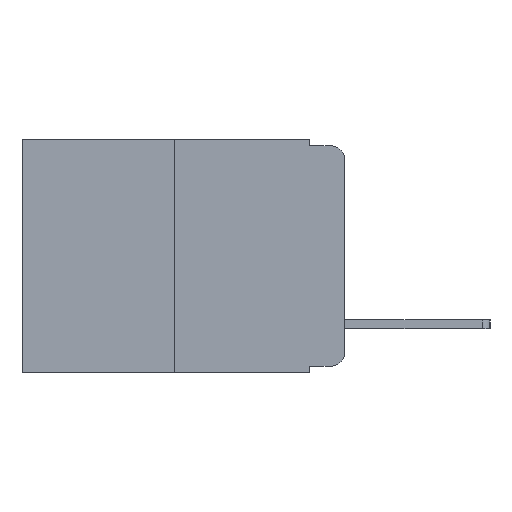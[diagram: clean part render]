
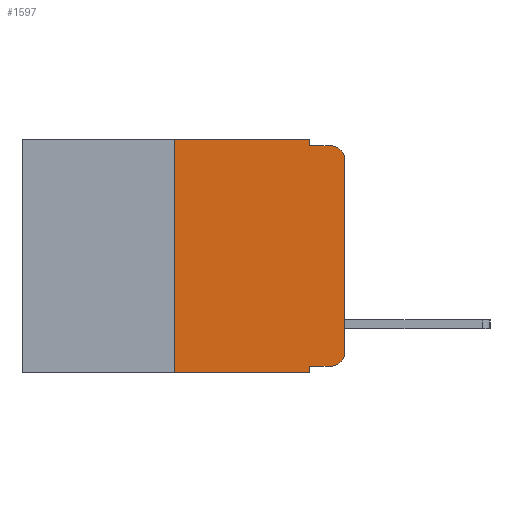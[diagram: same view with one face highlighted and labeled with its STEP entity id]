
A CAD part, left-side view. The second image highlights one B-rep face of the part: STEP entity #1597.
In plain terms, the highlighted planar face has unit normal (-1, 0, 0).
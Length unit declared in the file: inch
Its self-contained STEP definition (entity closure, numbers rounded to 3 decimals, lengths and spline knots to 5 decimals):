
#398 = CARTESIAN_POINT ( 'NONE',  ( 0., 0.25, 0. ) ) ;
#484 = VERTEX_POINT ( 'NONE', #3550 ) ;
#619 = VECTOR ( 'NONE', #3246, 39.37008 ) ;
#721 = ORIENTED_EDGE ( 'NONE', *, *, #3260, .T. ) ;
#739 = CARTESIAN_POINT ( 'NONE',  ( 0., 0.051, -0.01 ) ) ;
#903 = DIRECTION ( 'NONE',  ( 0., 0., -1. ) ) ;
#1189 = VERTEX_POINT ( 'NONE', #8719 ) ;
#1519 = ORIENTED_EDGE ( 'NONE', *, *, #9835, .F. ) ;
#1597 = ADVANCED_FACE ( 'NONE', ( #6270 ), #5409, .F. ) ;
#1646 = DIRECTION ( 'NONE',  ( -1., 0., 0. ) ) ;
#1686 = VECTOR ( 'NONE', #3422, 39.37008 ) ;
#1715 = EDGE_CURVE ( 'NONE', #10775, #1189, #11585, .T. ) ;
#1769 = CARTESIAN_POINT ( 'NONE',  ( 0., 0.02, -0.03 ) ) ;
#1827 = LINE ( 'NONE', #9334, #11790 ) ;
#1900 = CARTESIAN_POINT ( 'NONE',  ( 0., 0., -0.03 ) ) ;
#1905 = EDGE_CURVE ( 'NONE', #6234, #3204, #8114, .T. ) ;
#2061 = LINE ( 'NONE', #12722, #1686 ) ;
#2148 = CARTESIAN_POINT ( 'NONE',  ( 0., 0., 0. ) ) ;
#2688 = LINE ( 'NONE', #739, #12194 ) ;
#2775 = CARTESIAN_POINT ( 'NONE',  ( 0., 0.473, 0. ) ) ;
#2866 = DIRECTION ( 'NONE',  ( 0., 0., 1. ) ) ;
#2919 = CARTESIAN_POINT ( 'NONE',  ( 0., 0.25, 0. ) ) ;
#3045 = CARTESIAN_POINT ( 'NONE',  ( 0., 0.02, -0.333 ) ) ;
#3204 = VERTEX_POINT ( 'NONE', #9785 ) ;
#3246 = DIRECTION ( 'NONE',  ( 0., 0., 1. ) ) ;
#3260 = EDGE_CURVE ( 'NONE', #6850, #10775, #11193, .T. ) ;
#3422 = DIRECTION ( 'NONE',  ( 0., 0., -1. ) ) ;
#3436 = VECTOR ( 'NONE', #7739, 39.37008 ) ;
#3550 = CARTESIAN_POINT ( 'NONE',  ( 0., 0.051, -0.343 ) ) ;
#3652 = VECTOR ( 'NONE', #2866, 39.37008 ) ;
#3736 = DIRECTION ( 'NONE',  ( 0., 0., -1. ) ) ;
#4251 = CARTESIAN_POINT ( 'NONE',  ( 0., 0.473, 0. ) ) ;
#4259 = VECTOR ( 'NONE', #12561, 39.37008 ) ;
#4272 = CARTESIAN_POINT ( 'NONE',  ( 0., 0.473, -0.343 ) ) ;
#4523 = EDGE_LOOP ( 'NONE', ( #721, #9662, #6230, #8957, #7937, #1519, #6076, #11260, #7796, #5656 ) ) ;
#5246 = DIRECTION ( 'NONE',  ( 0., -1., 0. ) ) ;
#5387 = DIRECTION ( 'NONE',  ( 0., 0., -1. ) ) ;
#5396 = VECTOR ( 'NONE', #5246, 39.37008 ) ;
#5409 = PLANE ( 'NONE',  #8946 ) ;
#5447 = DIRECTION ( 'NONE',  ( 1., 0., 0. ) ) ;
#5606 = CARTESIAN_POINT ( 'NONE',  ( 0., 0.051, -0.01 ) ) ;
#5656 = ORIENTED_EDGE ( 'NONE', *, *, #7387, .T. ) ;
#5916 = AXIS2_PLACEMENT_3D ( 'NONE', #12597, #7128, #903 ) ;
#6045 = LINE ( 'NONE', #11411, #3436 ) ;
#6076 = ORIENTED_EDGE ( 'NONE', *, *, #12364, .T. ) ;
#6230 = ORIENTED_EDGE ( 'NONE', *, *, #12300, .F. ) ;
#6234 = VERTEX_POINT ( 'NONE', #398 ) ;
#6270 = FACE_OUTER_BOUND ( 'NONE', #4523, .T. ) ;
#6274 = VERTEX_POINT ( 'NONE', #7692 ) ;
#6453 = CARTESIAN_POINT ( 'NONE',  ( 0., 0., -0.313 ) ) ;
#6739 = LINE ( 'NONE', #4272, #4259 ) ;
#6822 = DIRECTION ( 'NONE',  ( 0., 0., -1. ) ) ;
#6850 = VERTEX_POINT ( 'NONE', #6453 ) ;
#7128 = DIRECTION ( 'NONE',  ( -1., 0., 0. ) ) ;
#7221 = CIRCLE ( 'NONE', #5916, 0.02 ) ;
#7387 = EDGE_CURVE ( 'NONE', #10761, #6850, #7221, .T. ) ;
#7692 = CARTESIAN_POINT ( 'NONE',  ( 0., 0.25, -0.343 ) ) ;
#7739 = DIRECTION ( 'NONE',  ( 0., -1., 0. ) ) ;
#7796 = ORIENTED_EDGE ( 'NONE', *, *, #7978, .T. ) ;
#7905 = DIRECTION ( 'NONE',  ( 0., -1., 0. ) ) ;
#7937 = ORIENTED_EDGE ( 'NONE', *, *, #1905, .F. ) ;
#7978 = EDGE_CURVE ( 'NONE', #8637, #10761, #6045, .T. ) ;
#8114 = LINE ( 'NONE', #4251, #5396 ) ;
#8637 = VERTEX_POINT ( 'NONE', #9374 ) ;
#8651 = LINE ( 'NONE', #2919, #3652 ) ;
#8719 = CARTESIAN_POINT ( 'NONE',  ( 0., 0.02, -0.01 ) ) ;
#8946 = AXIS2_PLACEMENT_3D ( 'NONE', #2775, #5447, #5387 ) ;
#8957 = ORIENTED_EDGE ( 'NONE', *, *, #11095, .F. ) ;
#9218 = EDGE_CURVE ( 'NONE', #8637, #484, #2061, .T. ) ;
#9334 = CARTESIAN_POINT ( 'NONE',  ( 0., 0.051, 0. ) ) ;
#9374 = CARTESIAN_POINT ( 'NONE',  ( 0., 0.051, -0.333 ) ) ;
#9662 = ORIENTED_EDGE ( 'NONE', *, *, #1715, .T. ) ;
#9785 = CARTESIAN_POINT ( 'NONE',  ( 0., 0.051, 0. ) ) ;
#9835 = EDGE_CURVE ( 'NONE', #6274, #6234, #8651, .T. ) ;
#9943 = AXIS2_PLACEMENT_3D ( 'NONE', #1769, #1646, #6822 ) ;
#10761 = VERTEX_POINT ( 'NONE', #3045 ) ;
#10775 = VERTEX_POINT ( 'NONE', #1900 ) ;
#11095 = EDGE_CURVE ( 'NONE', #3204, #11879, #1827, .T. ) ;
#11193 = LINE ( 'NONE', #2148, #619 ) ;
#11260 = ORIENTED_EDGE ( 'NONE', *, *, #9218, .F. ) ;
#11411 = CARTESIAN_POINT ( 'NONE',  ( 0., 0.051, -0.333 ) ) ;
#11585 = CIRCLE ( 'NONE', #9943, 0.02 ) ;
#11790 = VECTOR ( 'NONE', #3736, 39.37008 ) ;
#11879 = VERTEX_POINT ( 'NONE', #5606 ) ;
#12194 = VECTOR ( 'NONE', #7905, 39.37008 ) ;
#12300 = EDGE_CURVE ( 'NONE', #11879, #1189, #2688, .T. ) ;
#12364 = EDGE_CURVE ( 'NONE', #6274, #484, #6739, .T. ) ;
#12561 = DIRECTION ( 'NONE',  ( 0., -1., 0. ) ) ;
#12597 = CARTESIAN_POINT ( 'NONE',  ( 0., 0.02, -0.313 ) ) ;
#12722 = CARTESIAN_POINT ( 'NONE',  ( 0., 0.051, 0. ) ) ;

What the task asks — From the line that has "#6076 = ORIENTED_EDGE" through the line that has "#12597 = CARTESIAN_POINT", copy every line exactly as it appears above, and leave out all others.

Solution to the problem —
#6076 = ORIENTED_EDGE ( 'NONE', *, *, #12364, .T. ) ;
#6230 = ORIENTED_EDGE ( 'NONE', *, *, #12300, .F. ) ;
#6234 = VERTEX_POINT ( 'NONE', #398 ) ;
#6270 = FACE_OUTER_BOUND ( 'NONE', #4523, .T. ) ;
#6274 = VERTEX_POINT ( 'NONE', #7692 ) ;
#6453 = CARTESIAN_POINT ( 'NONE',  ( 0., 0., -0.313 ) ) ;
#6739 = LINE ( 'NONE', #4272, #4259 ) ;
#6822 = DIRECTION ( 'NONE',  ( 0., 0., -1. ) ) ;
#6850 = VERTEX_POINT ( 'NONE', #6453 ) ;
#7128 = DIRECTION ( 'NONE',  ( -1., 0., 0. ) ) ;
#7221 = CIRCLE ( 'NONE', #5916, 0.02 ) ;
#7387 = EDGE_CURVE ( 'NONE', #10761, #6850, #7221, .T. ) ;
#7692 = CARTESIAN_POINT ( 'NONE',  ( 0., 0.25, -0.343 ) ) ;
#7739 = DIRECTION ( 'NONE',  ( 0., -1., 0. ) ) ;
#7796 = ORIENTED_EDGE ( 'NONE', *, *, #7978, .T. ) ;
#7905 = DIRECTION ( 'NONE',  ( 0., -1., 0. ) ) ;
#7937 = ORIENTED_EDGE ( 'NONE', *, *, #1905, .F. ) ;
#7978 = EDGE_CURVE ( 'NONE', #8637, #10761, #6045, .T. ) ;
#8114 = LINE ( 'NONE', #4251, #5396 ) ;
#8637 = VERTEX_POINT ( 'NONE', #9374 ) ;
#8651 = LINE ( 'NONE', #2919, #3652 ) ;
#8719 = CARTESIAN_POINT ( 'NONE',  ( 0., 0.02, -0.01 ) ) ;
#8946 = AXIS2_PLACEMENT_3D ( 'NONE', #2775, #5447, #5387 ) ;
#8957 = ORIENTED_EDGE ( 'NONE', *, *, #11095, .F. ) ;
#9218 = EDGE_CURVE ( 'NONE', #8637, #484, #2061, .T. ) ;
#9334 = CARTESIAN_POINT ( 'NONE',  ( 0., 0.051, 0. ) ) ;
#9374 = CARTESIAN_POINT ( 'NONE',  ( 0., 0.051, -0.333 ) ) ;
#9662 = ORIENTED_EDGE ( 'NONE', *, *, #1715, .T. ) ;
#9785 = CARTESIAN_POINT ( 'NONE',  ( 0., 0.051, 0. ) ) ;
#9835 = EDGE_CURVE ( 'NONE', #6274, #6234, #8651, .T. ) ;
#9943 = AXIS2_PLACEMENT_3D ( 'NONE', #1769, #1646, #6822 ) ;
#10761 = VERTEX_POINT ( 'NONE', #3045 ) ;
#10775 = VERTEX_POINT ( 'NONE', #1900 ) ;
#11095 = EDGE_CURVE ( 'NONE', #3204, #11879, #1827, .T. ) ;
#11193 = LINE ( 'NONE', #2148, #619 ) ;
#11260 = ORIENTED_EDGE ( 'NONE', *, *, #9218, .F. ) ;
#11411 = CARTESIAN_POINT ( 'NONE',  ( 0., 0.051, -0.333 ) ) ;
#11585 = CIRCLE ( 'NONE', #9943, 0.02 ) ;
#11790 = VECTOR ( 'NONE', #3736, 39.37008 ) ;
#11879 = VERTEX_POINT ( 'NONE', #5606 ) ;
#12194 = VECTOR ( 'NONE', #7905, 39.37008 ) ;
#12300 = EDGE_CURVE ( 'NONE', #11879, #1189, #2688, .T. ) ;
#12364 = EDGE_CURVE ( 'NONE', #6274, #484, #6739, .T. ) ;
#12561 = DIRECTION ( 'NONE',  ( 0., -1., 0. ) ) ;
#12597 = CARTESIAN_POINT ( 'NONE',  ( 0., 0.02, -0.313 ) ) ;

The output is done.